RAPID: Dual-Doppler Analysis of the Boundary Layer in Category-4 Hurricane Laura

Hurricane Laura made landfall in southwestern Louisiana in August 2020 as a high-end Category 4 storm. The landfall represented a unique opportunity to make scientific measurements of one of the strongest storms to hit the United States. Two Doppler on Wheels mobile radars captured fine-scale details of the low-level winds of the hurricane, including the eyewall.
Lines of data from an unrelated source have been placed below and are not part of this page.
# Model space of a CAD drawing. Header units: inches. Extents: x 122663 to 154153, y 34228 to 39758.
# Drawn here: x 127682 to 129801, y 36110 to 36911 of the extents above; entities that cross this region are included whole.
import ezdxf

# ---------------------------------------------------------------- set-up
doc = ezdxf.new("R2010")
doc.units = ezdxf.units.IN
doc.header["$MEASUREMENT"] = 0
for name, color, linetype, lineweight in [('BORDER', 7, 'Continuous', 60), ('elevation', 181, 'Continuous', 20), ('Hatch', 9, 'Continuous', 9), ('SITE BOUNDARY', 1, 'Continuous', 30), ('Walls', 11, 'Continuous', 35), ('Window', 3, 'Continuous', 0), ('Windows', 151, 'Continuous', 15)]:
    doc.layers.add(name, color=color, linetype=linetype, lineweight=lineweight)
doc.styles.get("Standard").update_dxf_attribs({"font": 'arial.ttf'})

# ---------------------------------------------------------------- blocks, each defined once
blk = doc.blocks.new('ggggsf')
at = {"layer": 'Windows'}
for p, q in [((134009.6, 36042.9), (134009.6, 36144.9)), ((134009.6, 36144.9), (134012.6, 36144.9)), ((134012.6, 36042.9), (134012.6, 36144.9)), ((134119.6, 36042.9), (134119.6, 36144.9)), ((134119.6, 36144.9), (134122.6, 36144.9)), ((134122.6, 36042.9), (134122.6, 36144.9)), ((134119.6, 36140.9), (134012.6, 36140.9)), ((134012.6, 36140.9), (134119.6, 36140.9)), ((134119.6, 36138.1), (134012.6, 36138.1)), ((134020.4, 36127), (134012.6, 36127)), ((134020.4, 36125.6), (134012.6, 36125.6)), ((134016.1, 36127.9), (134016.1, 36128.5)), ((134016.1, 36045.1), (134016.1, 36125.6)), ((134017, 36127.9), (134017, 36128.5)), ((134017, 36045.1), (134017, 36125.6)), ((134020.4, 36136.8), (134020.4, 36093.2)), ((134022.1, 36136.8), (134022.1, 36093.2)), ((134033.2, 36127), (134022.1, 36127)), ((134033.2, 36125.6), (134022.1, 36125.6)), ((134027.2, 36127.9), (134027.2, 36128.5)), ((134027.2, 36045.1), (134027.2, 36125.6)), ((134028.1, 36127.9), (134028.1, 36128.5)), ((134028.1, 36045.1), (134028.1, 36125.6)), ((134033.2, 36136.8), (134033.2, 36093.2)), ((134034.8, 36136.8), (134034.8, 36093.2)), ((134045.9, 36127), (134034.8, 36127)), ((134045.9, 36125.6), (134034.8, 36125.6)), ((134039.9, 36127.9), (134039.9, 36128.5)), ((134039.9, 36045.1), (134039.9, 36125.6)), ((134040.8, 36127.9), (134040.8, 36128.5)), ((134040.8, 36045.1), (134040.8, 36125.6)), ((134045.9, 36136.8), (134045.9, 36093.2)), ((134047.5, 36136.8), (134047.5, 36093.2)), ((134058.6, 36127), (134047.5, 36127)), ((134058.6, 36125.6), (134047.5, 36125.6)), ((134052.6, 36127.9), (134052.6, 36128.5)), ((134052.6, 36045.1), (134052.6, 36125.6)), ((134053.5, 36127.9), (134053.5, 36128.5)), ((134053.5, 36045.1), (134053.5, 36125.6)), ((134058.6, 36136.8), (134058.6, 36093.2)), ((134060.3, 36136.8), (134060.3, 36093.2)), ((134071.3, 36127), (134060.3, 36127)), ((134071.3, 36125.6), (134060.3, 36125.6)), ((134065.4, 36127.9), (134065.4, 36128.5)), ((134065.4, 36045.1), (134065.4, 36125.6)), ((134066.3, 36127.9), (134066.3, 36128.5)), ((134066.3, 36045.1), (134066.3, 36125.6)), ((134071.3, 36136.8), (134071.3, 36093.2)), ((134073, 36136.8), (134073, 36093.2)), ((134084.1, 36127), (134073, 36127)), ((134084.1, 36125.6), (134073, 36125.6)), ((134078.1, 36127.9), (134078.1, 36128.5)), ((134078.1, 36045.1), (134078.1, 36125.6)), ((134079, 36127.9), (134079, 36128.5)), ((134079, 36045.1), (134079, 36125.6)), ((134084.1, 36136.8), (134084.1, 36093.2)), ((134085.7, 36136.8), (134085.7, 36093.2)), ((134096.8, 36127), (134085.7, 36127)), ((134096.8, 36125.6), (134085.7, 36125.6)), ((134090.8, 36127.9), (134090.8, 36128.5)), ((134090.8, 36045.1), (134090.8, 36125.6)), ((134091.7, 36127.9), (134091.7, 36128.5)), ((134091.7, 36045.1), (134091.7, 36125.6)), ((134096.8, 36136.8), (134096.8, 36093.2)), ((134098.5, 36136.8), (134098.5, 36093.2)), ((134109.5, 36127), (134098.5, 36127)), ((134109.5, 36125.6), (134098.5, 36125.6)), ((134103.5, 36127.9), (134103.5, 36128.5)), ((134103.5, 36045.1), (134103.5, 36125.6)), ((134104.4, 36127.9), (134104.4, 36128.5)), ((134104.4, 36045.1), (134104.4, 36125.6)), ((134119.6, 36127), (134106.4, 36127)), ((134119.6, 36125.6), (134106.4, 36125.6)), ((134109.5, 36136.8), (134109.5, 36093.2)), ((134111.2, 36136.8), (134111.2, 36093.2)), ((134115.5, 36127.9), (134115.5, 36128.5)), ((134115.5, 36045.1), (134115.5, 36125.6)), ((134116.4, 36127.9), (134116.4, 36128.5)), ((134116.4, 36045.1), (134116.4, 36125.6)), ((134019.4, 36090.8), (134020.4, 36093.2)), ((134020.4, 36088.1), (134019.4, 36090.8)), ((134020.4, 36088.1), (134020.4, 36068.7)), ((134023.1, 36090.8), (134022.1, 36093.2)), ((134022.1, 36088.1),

This award is for analysis of the radar data in relation to scientific questions about the lowest levels of a hurricane, known as the hurricane boundary layer. This data has particular relevance to the hurricane forecasting community, as measurements of properties that are important for accurate numerical modeling are difficult to conduct. Thus, the data may have significant relevance to forecasting of future hurricane landfalls, which is important for public safety and the economy.

The research team plans to analyze dual-Doppler data collected in the eyewall of Hurricane Laura to improve understanding of hurricane boundary layer structure in an intense hurricane. Multiple hours of continuous dual-Doppler data were collected in the inner bands and eyewall of Laura, which is a unique dataset for major hurricane landfalls at or near peak intensity. The researchers will derive 3D wind structure very near the surface (<100m above ground level) as a function of time, along with Turbulent Kinetic Energy (TKE), Momentum Flux, and the Momentum Exchange (Drag) Coefficient (Cd). The main questions to be addressed using these data include: 1) How do hurricane boundary layer roll characteristics and associated TKE, fluxes, and Cd vary as a function of background wind speed and location in the hurricane, and 2) How do hurricane boundary layer structures affect measured wind gusts?

This award reflects NSF's statutory mission and has been deemed worthy of support through evaluation using the Foundation's intellectual merit and broader impacts review criteria.